(Entries supplied begins)
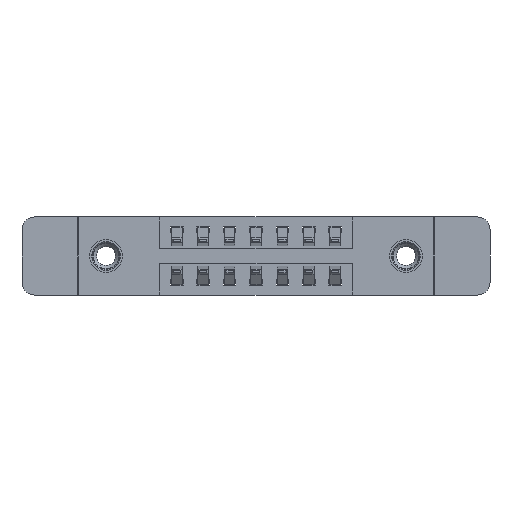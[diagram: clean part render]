
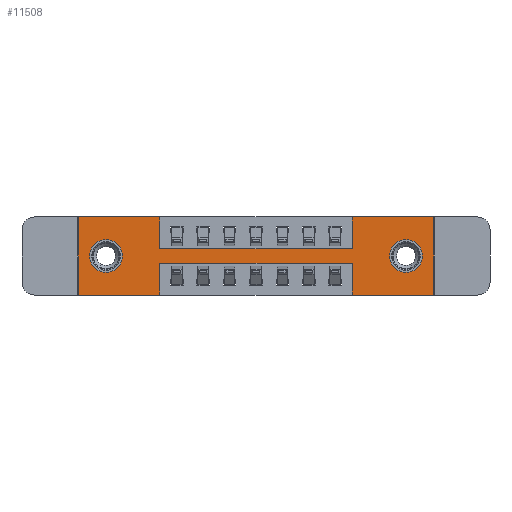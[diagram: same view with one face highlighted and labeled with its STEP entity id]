
A CAD part, front view. The second image highlights one B-rep face of the part: STEP entity #11508.
In plain terms, the highlighted planar face has unit normal (0, -1, 0).
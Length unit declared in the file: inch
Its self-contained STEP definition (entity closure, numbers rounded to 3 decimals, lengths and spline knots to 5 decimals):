
#146 = DIRECTION ( 'NONE',  ( 0., 0., 1. ) ) ;
#204 = DIRECTION ( 'NONE',  ( 0., 0., 1. ) ) ;
#373 = EDGE_CURVE ( 'NONE', #7301, #6955, #2626, .T. ) ;
#527 = CARTESIAN_POINT ( 'NONE',  ( 0., 0., 0. ) ) ;
#678 = VECTOR ( 'NONE', #11110, 39.37008 ) ;
#782 = VERTEX_POINT ( 'NONE', #4230 ) ;
#1016 = DIRECTION ( 'NONE',  ( 1., 0., 0. ) ) ;
#1091 = LINE ( 'NONE', #1658, #4595 ) ;
#1146 = CARTESIAN_POINT ( 'NONE',  ( 0.1325, 0., -0.263 ) ) ;
#1308 = LINE ( 'NONE', #7749, #3929 ) ;
#1468 = EDGE_CURVE ( 'NONE', #12513, #3752, #6637, .T. ) ;
#1622 = AXIS2_PLACEMENT_3D ( 'NONE', #9953, #9759, #12337 ) ;
#1635 = ORIENTED_EDGE ( 'NONE', *, *, #1468, .T. ) ;
#1658 = CARTESIAN_POINT ( 'NONE',  ( 0., 0., -0.37 ) ) ;
#1720 = CIRCLE ( 'NONE', #13586, 0.078 ) ;
#1749 = FACE_BOUND ( 'NONE', #2294, .T. ) ;
#2019 = CARTESIAN_POINT ( 'NONE',  ( 1.2975, 0., -0.37 ) ) ;
#2154 = VECTOR ( 'NONE', #146, 39.37008 ) ;
#2294 = EDGE_LOOP ( 'NONE', ( #11210, #1635 ) ) ;
#2560 = EDGE_CURVE ( 'NONE', #3849, #13509, #9605, .T. ) ;
#2574 = VERTEX_POINT ( 'NONE', #3536 ) ;
#2626 = CIRCLE ( 'NONE', #5555, 0.078 ) ;
#2804 = CARTESIAN_POINT ( 'NONE',  ( 0., 0., 0. ) ) ;
#3069 = DIRECTION ( 'NONE',  ( 0., 0., -1. ) ) ;
#3300 = VECTOR ( 'NONE', #8138, 39.37008 ) ;
#3399 = CARTESIAN_POINT ( 'NONE',  ( 1.2975, 0., 0. ) ) ;
#3536 = CARTESIAN_POINT ( 'NONE',  ( 1.685, 0., 0. ) ) ;
#3752 = VERTEX_POINT ( 'NONE', #9589 ) ;
#3763 = CARTESIAN_POINT ( 'NONE',  ( 0., 0., -0.37 ) ) ;
#3836 = VECTOR ( 'NONE', #9714, 39.37008 ) ;
#3849 = VERTEX_POINT ( 'NONE', #9784 ) ;
#3929 = VECTOR ( 'NONE', #1016, 39.37008 ) ;
#3958 = CARTESIAN_POINT ( 'NONE',  ( 1.2975, 0., 0. ) ) ;
#4230 = CARTESIAN_POINT ( 'NONE',  ( 1.2975, 0., -0.15 ) ) ;
#4281 = VECTOR ( 'NONE', #3069, 39.37008 ) ;
#4440 = LINE ( 'NONE', #3958, #12570 ) ;
#4449 = DIRECTION ( 'NONE',  ( 0., 1., 0. ) ) ;
#4550 = LINE ( 'NONE', #13266, #678 ) ;
#4595 = VECTOR ( 'NONE', #8414, 39.37008 ) ;
#4759 = FACE_BOUND ( 'NONE', #5297, .T. ) ;
#4974 = DIRECTION ( 'NONE',  ( 0., 1., 0. ) ) ;
#4975 = EDGE_CURVE ( 'NONE', #12001, #782, #1308, .T. ) ;
#5145 = EDGE_CURVE ( 'NONE', #7158, #12689, #10818, .T. ) ;
#5187 = CARTESIAN_POINT ( 'NONE',  ( 1.5525, 0., -0.263 ) ) ;
#5212 = ORIENTED_EDGE ( 'NONE', *, *, #13168, .F. ) ;
#5297 = EDGE_LOOP ( 'NONE', ( #5365, #11179 ) ) ;
#5298 = VERTEX_POINT ( 'NONE', #10856 ) ;
#5365 = ORIENTED_EDGE ( 'NONE', *, *, #13593, .T. ) ;
#5399 = VECTOR ( 'NONE', #9614, 39.37008 ) ;
#5455 = ORIENTED_EDGE ( 'NONE', *, *, #13673, .F. ) ;
#5499 = ORIENTED_EDGE ( 'NONE', *, *, #2560, .F. ) ;
#5555 = AXIS2_PLACEMENT_3D ( 'NONE', #8524, #4974, #13056 ) ;
#5634 = ORIENTED_EDGE ( 'NONE', *, *, #8047, .F. ) ;
#5645 = ORIENTED_EDGE ( 'NONE', *, *, #5145, .F. ) ;
#5808 = EDGE_CURVE ( 'NONE', #782, #8442, #4440, .T. ) ;
#5832 = LINE ( 'NONE', #7909, #13441 ) ;
#6009 = EDGE_CURVE ( 'NONE', #6388, #12001, #5832, .T. ) ;
#6034 = AXIS2_PLACEMENT_3D ( 'NONE', #3763, #12782, #13917 ) ;
#6053 = CARTESIAN_POINT ( 'NONE',  ( 1.2975, 0., -0.37 ) ) ;
#6114 = ORIENTED_EDGE ( 'NONE', *, *, #4975, .F. ) ;
#6388 = VERTEX_POINT ( 'NONE', #12200 ) ;
#6453 = CARTESIAN_POINT ( 'NONE',  ( 0.3875, 0., -0.22 ) ) ;
#6637 = CIRCLE ( 'NONE', #1622, 0.078 ) ;
#6662 = DIRECTION ( 'NONE',  ( 0., 0., -1. ) ) ;
#6687 = EDGE_CURVE ( 'NONE', #10572, #7158, #1091, .T. ) ;
#6717 = CARTESIAN_POINT ( 'NONE',  ( 0., 0., 0. ) ) ;
#6866 = ORIENTED_EDGE ( 'NONE', *, *, #6687, .F. ) ;
#6955 = VERTEX_POINT ( 'NONE', #11038 ) ;
#6978 = CARTESIAN_POINT ( 'NONE',  ( 0., 0., -0.37 ) ) ;
#6986 = ORIENTED_EDGE ( 'NONE', *, *, #5808, .F. ) ;
#7123 = PLANE ( 'NONE',  #6034 ) ;
#7126 = DIRECTION ( 'NONE',  ( 0., 1., 0. ) ) ;
#7158 = VERTEX_POINT ( 'NONE', #11004 ) ;
#7301 = VERTEX_POINT ( 'NONE', #5187 ) ;
#7413 = ORIENTED_EDGE ( 'NONE', *, *, #13967, .F. ) ;
#7448 = EDGE_CURVE ( 'NONE', #3752, #12513, #9507, .T. ) ;
#7749 = CARTESIAN_POINT ( 'NONE',  ( 0.3875, 0., -0.15 ) ) ;
#7754 = FACE_OUTER_BOUND ( 'NONE', #9132, .T. ) ;
#7909 = CARTESIAN_POINT ( 'NONE',  ( 0.3875, 0., 0. ) ) ;
#7921 = VECTOR ( 'NONE', #13634, 39.37008 ) ;
#8047 = EDGE_CURVE ( 'NONE', #13490, #3849, #11268, .T. ) ;
#8138 = DIRECTION ( 'NONE',  ( 1., 0., 0. ) ) ;
#8186 = EDGE_CURVE ( 'NONE', #13509, #10572, #4550, .T. ) ;
#8414 = DIRECTION ( 'NONE',  ( -1., 0., 0. ) ) ;
#8442 = VERTEX_POINT ( 'NONE', #3399 ) ;
#8524 = CARTESIAN_POINT ( 'NONE',  ( 1.5525, 0., -0.185 ) ) ;
#8736 = VECTOR ( 'NONE', #12464, 39.37008 ) ;
#9132 = EDGE_LOOP ( 'NONE', ( #12420, #5499, #5634, #5212, #13681, #7413, #6986, #6114, #11201, #5455, #5645, #6866 ) ) ;
#9223 = CARTESIAN_POINT ( 'NONE',  ( 0.3875, 0., -0.15 ) ) ;
#9507 = CIRCLE ( 'NONE', #13984, 0.078 ) ;
#9509 = CARTESIAN_POINT ( 'NONE',  ( 0.3875, 0., -0.37 ) ) ;
#9589 = CARTESIAN_POINT ( 'NONE',  ( 0.1325, 0., -0.107 ) ) ;
#9605 = LINE ( 'NONE', #12519, #8736 ) ;
#9614 = DIRECTION ( 'NONE',  ( 1., 0., 0. ) ) ;
#9714 = DIRECTION ( 'NONE',  ( 0., 0., 1. ) ) ;
#9759 = DIRECTION ( 'NONE',  ( 0., 1., 0. ) ) ;
#9760 = EDGE_CURVE ( 'NONE', #2574, #5298, #12231, .T. ) ;
#9784 = CARTESIAN_POINT ( 'NONE',  ( 1.2975, 0., -0.22 ) ) ;
#9953 = CARTESIAN_POINT ( 'NONE',  ( 0.1325, 0., -0.185 ) ) ;
#10355 = CARTESIAN_POINT ( 'NONE',  ( 1.5525, 0., -0.185 ) ) ;
#10572 = VERTEX_POINT ( 'NONE', #9509 ) ;
#10818 = LINE ( 'NONE', #6717, #2154 ) ;
#10856 = CARTESIAN_POINT ( 'NONE',  ( 1.685, 0., -0.37 ) ) ;
#11004 = CARTESIAN_POINT ( 'NONE',  ( 0., 0., -0.37 ) ) ;
#11038 = CARTESIAN_POINT ( 'NONE',  ( 1.5525, 0., -0.107 ) ) ;
#11110 = DIRECTION ( 'NONE',  ( 0., 0., -1. ) ) ;
#11179 = ORIENTED_EDGE ( 'NONE', *, *, #373, .T. ) ;
#11201 = ORIENTED_EDGE ( 'NONE', *, *, #6009, .F. ) ;
#11210 = ORIENTED_EDGE ( 'NONE', *, *, #7448, .T. ) ;
#11246 = LINE ( 'NONE', #11507, #3300 ) ;
#11268 = LINE ( 'NONE', #6053, #3836 ) ;
#11430 = LINE ( 'NONE', #527, #5399 ) ;
#11507 = CARTESIAN_POINT ( 'NONE',  ( 0., 0., 0. ) ) ;
#11508 = ADVANCED_FACE ( 'NONE', ( #4759, #1749, #7754 ), #7123, .T. ) ;
#11618 = CARTESIAN_POINT ( 'NONE',  ( 0.1325, 0., -0.185 ) ) ;
#11996 = CARTESIAN_POINT ( 'NONE',  ( 1.685, 0., 0. ) ) ;
#12001 = VERTEX_POINT ( 'NONE', #9223 ) ;
#12200 = CARTESIAN_POINT ( 'NONE',  ( 0.3875, 0., 0. ) ) ;
#12231 = LINE ( 'NONE', #11996, #4281 ) ;
#12337 = DIRECTION ( 'NONE',  ( 0., 0., 1. ) ) ;
#12420 = ORIENTED_EDGE ( 'NONE', *, *, #8186, .F. ) ;
#12464 = DIRECTION ( 'NONE',  ( -1., 0., 0. ) ) ;
#12513 = VERTEX_POINT ( 'NONE', #1146 ) ;
#12519 = CARTESIAN_POINT ( 'NONE',  ( 0.3875, 0., -0.22 ) ) ;
#12570 = VECTOR ( 'NONE', #13324, 39.37008 ) ;
#12689 = VERTEX_POINT ( 'NONE', #2804 ) ;
#12782 = DIRECTION ( 'NONE',  ( 0., -1., 0. ) ) ;
#13056 = DIRECTION ( 'NONE',  ( 0., 0., -1. ) ) ;
#13168 = EDGE_CURVE ( 'NONE', #5298, #13490, #13901, .T. ) ;
#13266 = CARTESIAN_POINT ( 'NONE',  ( 0.3875, 0., -0.37 ) ) ;
#13324 = DIRECTION ( 'NONE',  ( 0., 0., 1. ) ) ;
#13441 = VECTOR ( 'NONE', #13578, 39.37008 ) ;
#13490 = VERTEX_POINT ( 'NONE', #2019 ) ;
#13509 = VERTEX_POINT ( 'NONE', #6453 ) ;
#13578 = DIRECTION ( 'NONE',  ( 0., 0., -1. ) ) ;
#13586 = AXIS2_PLACEMENT_3D ( 'NONE', #10355, #4449, #6662 ) ;
#13593 = EDGE_CURVE ( 'NONE', #6955, #7301, #1720, .T. ) ;
#13634 = DIRECTION ( 'NONE',  ( -1., 0., 0. ) ) ;
#13673 = EDGE_CURVE ( 'NONE', #12689, #6388, #11246, .T. ) ;
#13681 = ORIENTED_EDGE ( 'NONE', *, *, #9760, .F. ) ;
#13901 = LINE ( 'NONE', #6978, #7921 ) ;
#13917 = DIRECTION ( 'NONE',  ( 0., 0., -1. ) ) ;
#13967 = EDGE_CURVE ( 'NONE', #8442, #2574, #11430, .T. ) ;
#13984 = AXIS2_PLACEMENT_3D ( 'NONE', #11618, #7126, #204 ) ;
(Entries supplied ends)
§ Work order: Copy the records above exactly, from the first line through the line containing "A CAD part, front", and leave out the pictures.

§ Reply to the exercise:
[diagram: clean part render]
[diagram: same view with one face highlighted and labeled with its STEP entity id]
A CAD part, front view. The second image highlights one B-rep face of the part: STEP entity #11508.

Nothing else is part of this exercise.